_Activity_
Among the entries below, how many lines contain the string "offset"? Only the number, please.

_Entries supplied_
=== Begin Enclosure ===

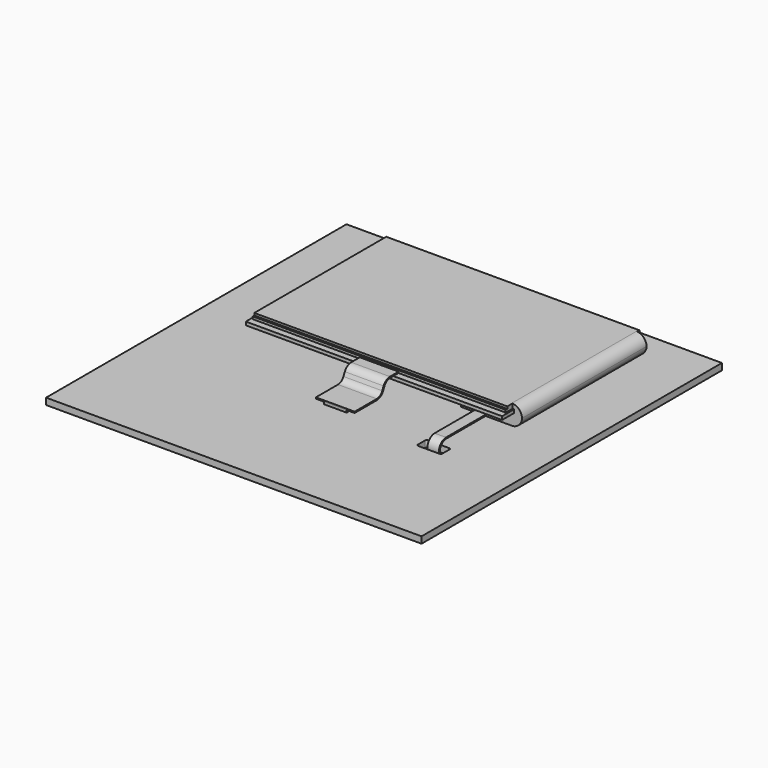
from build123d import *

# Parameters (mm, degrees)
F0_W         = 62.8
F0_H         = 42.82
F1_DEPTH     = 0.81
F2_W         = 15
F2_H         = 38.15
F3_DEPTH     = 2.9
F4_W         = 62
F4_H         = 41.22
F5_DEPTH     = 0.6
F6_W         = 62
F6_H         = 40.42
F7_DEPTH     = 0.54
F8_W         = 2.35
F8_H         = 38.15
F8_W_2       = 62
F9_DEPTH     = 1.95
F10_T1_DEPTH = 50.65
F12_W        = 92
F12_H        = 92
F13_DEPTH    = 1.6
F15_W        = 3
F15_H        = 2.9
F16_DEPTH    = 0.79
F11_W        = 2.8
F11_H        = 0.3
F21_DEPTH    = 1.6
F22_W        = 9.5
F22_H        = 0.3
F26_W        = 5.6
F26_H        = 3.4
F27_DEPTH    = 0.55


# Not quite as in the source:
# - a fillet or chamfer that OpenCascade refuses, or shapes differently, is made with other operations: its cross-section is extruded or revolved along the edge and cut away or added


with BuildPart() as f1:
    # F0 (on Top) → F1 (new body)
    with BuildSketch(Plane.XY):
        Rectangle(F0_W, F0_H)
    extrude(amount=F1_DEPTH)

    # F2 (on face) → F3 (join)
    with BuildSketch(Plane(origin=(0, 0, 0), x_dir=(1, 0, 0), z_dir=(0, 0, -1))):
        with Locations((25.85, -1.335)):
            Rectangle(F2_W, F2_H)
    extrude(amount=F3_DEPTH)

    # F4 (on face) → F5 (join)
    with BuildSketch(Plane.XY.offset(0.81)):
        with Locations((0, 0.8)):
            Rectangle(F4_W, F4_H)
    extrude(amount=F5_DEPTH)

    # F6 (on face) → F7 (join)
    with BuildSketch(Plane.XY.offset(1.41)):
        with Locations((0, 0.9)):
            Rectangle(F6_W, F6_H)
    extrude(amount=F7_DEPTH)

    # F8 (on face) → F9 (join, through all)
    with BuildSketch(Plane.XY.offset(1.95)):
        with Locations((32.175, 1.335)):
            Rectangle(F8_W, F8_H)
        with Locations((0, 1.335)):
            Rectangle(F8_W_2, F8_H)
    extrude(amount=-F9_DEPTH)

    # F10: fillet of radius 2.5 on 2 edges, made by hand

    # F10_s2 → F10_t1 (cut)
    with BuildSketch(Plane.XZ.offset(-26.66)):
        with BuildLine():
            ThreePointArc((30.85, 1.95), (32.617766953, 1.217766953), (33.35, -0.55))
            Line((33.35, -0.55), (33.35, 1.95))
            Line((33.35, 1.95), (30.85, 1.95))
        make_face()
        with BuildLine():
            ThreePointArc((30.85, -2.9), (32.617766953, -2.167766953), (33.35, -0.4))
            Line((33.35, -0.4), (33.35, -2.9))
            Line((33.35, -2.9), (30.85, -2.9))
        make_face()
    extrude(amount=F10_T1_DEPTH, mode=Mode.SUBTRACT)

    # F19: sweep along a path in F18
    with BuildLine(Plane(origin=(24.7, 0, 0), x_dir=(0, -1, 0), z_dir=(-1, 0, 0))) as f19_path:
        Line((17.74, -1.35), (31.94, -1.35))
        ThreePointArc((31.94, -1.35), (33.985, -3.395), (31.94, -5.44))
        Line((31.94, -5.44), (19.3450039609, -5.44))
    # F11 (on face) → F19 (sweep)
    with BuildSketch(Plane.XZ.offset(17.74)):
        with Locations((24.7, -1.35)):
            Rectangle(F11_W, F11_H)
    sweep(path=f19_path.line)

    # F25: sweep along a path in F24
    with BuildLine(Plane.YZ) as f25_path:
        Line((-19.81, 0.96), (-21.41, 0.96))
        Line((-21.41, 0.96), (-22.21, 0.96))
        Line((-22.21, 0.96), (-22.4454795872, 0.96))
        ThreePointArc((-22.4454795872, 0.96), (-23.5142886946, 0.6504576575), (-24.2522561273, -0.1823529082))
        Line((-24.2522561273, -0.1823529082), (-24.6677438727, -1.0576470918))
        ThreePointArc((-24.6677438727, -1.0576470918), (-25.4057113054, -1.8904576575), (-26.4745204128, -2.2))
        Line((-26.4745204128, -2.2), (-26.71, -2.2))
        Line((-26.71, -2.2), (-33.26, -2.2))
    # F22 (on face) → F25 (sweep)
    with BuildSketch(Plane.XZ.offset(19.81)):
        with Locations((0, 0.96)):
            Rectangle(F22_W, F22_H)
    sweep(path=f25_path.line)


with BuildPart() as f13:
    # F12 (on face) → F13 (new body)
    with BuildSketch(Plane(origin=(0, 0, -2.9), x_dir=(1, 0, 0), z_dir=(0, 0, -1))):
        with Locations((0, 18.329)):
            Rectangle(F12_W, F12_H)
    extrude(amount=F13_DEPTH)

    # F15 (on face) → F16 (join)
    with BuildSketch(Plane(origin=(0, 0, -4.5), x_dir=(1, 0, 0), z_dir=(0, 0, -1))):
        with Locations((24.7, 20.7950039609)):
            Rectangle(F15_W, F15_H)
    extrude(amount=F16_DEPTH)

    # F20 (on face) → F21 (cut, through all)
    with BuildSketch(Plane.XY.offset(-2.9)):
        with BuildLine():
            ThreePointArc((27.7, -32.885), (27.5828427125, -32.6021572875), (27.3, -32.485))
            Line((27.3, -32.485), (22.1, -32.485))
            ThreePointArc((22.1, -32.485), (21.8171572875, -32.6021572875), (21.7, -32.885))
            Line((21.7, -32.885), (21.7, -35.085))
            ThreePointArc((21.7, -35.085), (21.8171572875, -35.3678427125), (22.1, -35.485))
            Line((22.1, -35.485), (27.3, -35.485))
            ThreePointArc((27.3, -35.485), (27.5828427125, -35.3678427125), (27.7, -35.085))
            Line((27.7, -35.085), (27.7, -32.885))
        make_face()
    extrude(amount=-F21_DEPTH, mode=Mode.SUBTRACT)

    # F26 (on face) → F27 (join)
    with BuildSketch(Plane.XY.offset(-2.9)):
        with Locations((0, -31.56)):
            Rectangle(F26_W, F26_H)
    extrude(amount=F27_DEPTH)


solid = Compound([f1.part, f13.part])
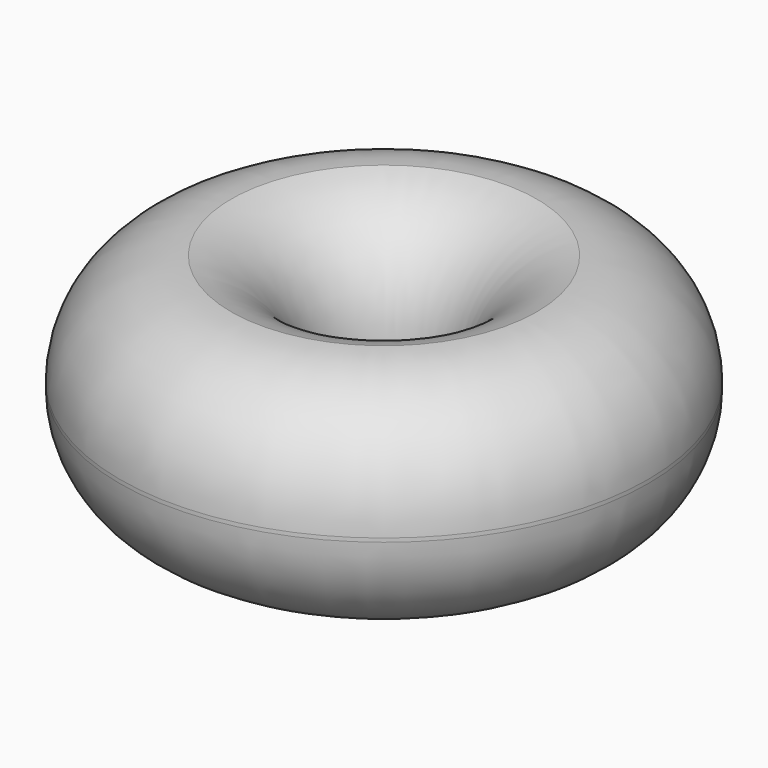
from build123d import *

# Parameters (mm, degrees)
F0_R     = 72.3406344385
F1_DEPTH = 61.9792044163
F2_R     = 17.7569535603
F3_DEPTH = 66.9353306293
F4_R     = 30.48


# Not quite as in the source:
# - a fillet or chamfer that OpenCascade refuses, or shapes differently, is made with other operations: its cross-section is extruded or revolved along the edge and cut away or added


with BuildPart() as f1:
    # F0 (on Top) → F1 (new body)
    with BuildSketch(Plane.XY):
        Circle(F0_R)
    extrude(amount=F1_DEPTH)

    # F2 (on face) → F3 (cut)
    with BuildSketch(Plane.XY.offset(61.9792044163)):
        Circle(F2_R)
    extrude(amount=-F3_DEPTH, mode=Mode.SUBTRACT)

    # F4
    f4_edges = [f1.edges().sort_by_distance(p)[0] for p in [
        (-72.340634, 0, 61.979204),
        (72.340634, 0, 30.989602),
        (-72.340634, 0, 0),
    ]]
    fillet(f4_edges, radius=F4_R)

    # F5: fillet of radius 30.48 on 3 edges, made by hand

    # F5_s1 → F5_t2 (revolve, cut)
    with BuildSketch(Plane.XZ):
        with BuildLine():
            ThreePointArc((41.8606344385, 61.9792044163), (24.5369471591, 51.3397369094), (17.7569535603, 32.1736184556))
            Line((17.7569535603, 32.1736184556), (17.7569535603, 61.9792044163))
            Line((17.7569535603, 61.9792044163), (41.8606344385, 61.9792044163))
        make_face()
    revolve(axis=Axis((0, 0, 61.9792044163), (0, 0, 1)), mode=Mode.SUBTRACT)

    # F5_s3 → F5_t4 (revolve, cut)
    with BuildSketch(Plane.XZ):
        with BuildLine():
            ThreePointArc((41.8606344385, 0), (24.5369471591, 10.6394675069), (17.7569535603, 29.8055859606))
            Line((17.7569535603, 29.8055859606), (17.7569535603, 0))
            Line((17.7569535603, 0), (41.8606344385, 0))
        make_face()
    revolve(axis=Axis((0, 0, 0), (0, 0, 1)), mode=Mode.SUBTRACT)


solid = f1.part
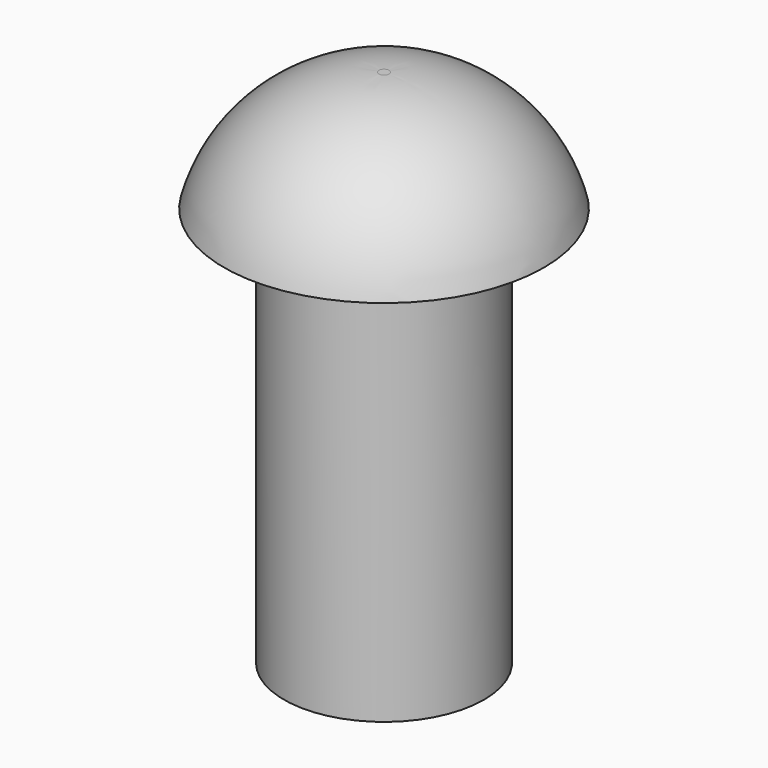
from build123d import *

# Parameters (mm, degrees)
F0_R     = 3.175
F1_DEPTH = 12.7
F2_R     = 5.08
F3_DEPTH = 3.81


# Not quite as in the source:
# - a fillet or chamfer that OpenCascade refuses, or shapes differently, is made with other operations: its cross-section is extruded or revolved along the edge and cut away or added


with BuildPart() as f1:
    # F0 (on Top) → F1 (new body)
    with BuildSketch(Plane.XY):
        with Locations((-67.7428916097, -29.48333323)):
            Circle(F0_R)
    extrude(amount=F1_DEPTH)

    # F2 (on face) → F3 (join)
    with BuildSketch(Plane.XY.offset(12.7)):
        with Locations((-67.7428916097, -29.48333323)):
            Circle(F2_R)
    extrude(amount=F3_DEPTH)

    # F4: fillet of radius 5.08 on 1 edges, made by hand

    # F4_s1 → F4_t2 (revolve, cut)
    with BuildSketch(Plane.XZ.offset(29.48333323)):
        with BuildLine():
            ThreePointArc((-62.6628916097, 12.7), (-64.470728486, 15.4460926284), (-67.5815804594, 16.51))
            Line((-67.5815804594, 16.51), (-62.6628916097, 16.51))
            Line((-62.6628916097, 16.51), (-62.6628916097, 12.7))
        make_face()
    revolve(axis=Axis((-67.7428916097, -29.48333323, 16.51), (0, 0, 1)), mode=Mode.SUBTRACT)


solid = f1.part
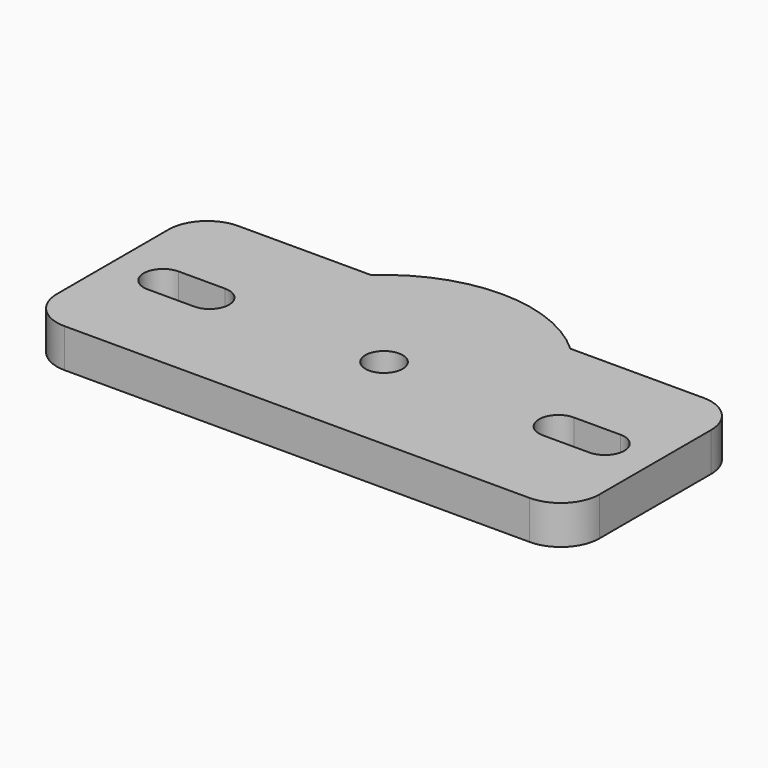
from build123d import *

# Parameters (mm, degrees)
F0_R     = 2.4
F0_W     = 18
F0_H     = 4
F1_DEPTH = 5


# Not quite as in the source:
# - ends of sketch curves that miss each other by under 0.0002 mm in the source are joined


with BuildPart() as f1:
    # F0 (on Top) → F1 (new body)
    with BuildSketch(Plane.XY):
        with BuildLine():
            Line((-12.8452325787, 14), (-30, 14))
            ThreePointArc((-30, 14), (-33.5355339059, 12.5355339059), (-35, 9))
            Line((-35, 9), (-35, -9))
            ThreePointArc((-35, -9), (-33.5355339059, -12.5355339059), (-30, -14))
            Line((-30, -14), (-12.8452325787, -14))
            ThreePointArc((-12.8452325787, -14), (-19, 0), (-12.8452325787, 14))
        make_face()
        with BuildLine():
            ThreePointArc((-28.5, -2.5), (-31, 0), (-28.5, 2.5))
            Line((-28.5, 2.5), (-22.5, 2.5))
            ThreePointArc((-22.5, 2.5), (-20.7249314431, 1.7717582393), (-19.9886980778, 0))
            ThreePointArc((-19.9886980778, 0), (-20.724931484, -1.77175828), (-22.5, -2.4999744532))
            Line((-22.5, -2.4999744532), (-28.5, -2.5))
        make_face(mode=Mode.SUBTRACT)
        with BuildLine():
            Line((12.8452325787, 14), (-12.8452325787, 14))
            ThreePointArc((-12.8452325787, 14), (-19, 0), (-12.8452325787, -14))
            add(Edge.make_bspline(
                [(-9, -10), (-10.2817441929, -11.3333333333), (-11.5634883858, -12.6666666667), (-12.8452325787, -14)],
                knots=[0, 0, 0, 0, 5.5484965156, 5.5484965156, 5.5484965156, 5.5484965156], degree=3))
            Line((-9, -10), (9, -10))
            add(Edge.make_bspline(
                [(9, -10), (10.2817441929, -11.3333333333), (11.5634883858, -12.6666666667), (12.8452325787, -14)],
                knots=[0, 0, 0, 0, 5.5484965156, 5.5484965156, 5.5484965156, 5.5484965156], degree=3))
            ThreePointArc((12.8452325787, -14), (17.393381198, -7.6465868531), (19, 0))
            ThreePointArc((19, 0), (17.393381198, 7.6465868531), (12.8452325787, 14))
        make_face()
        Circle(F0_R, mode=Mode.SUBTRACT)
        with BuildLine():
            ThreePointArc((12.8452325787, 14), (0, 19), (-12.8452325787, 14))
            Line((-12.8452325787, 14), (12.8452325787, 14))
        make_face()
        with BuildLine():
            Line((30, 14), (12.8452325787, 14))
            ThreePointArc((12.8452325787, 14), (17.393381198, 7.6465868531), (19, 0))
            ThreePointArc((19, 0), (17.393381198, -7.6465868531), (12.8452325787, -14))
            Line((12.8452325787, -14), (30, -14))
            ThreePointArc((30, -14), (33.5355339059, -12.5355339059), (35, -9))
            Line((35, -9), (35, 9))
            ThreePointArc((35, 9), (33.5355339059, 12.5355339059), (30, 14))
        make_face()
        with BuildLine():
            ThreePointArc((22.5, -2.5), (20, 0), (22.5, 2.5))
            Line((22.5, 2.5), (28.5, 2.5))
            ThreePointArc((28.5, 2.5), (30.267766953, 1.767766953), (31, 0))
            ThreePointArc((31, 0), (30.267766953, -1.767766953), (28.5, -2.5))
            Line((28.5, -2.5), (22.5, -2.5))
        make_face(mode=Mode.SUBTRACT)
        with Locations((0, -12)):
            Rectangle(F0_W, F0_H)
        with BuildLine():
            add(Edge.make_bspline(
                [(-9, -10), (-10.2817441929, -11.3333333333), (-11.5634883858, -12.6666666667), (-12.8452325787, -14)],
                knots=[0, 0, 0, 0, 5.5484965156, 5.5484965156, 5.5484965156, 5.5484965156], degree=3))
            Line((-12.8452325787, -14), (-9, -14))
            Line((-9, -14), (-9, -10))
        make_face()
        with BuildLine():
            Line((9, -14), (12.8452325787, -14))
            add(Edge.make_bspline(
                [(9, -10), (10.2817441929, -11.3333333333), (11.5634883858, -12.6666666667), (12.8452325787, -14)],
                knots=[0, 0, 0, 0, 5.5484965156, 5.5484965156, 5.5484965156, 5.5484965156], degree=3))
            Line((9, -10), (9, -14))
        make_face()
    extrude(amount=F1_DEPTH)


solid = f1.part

=== End Enclosure ===

_Result_
11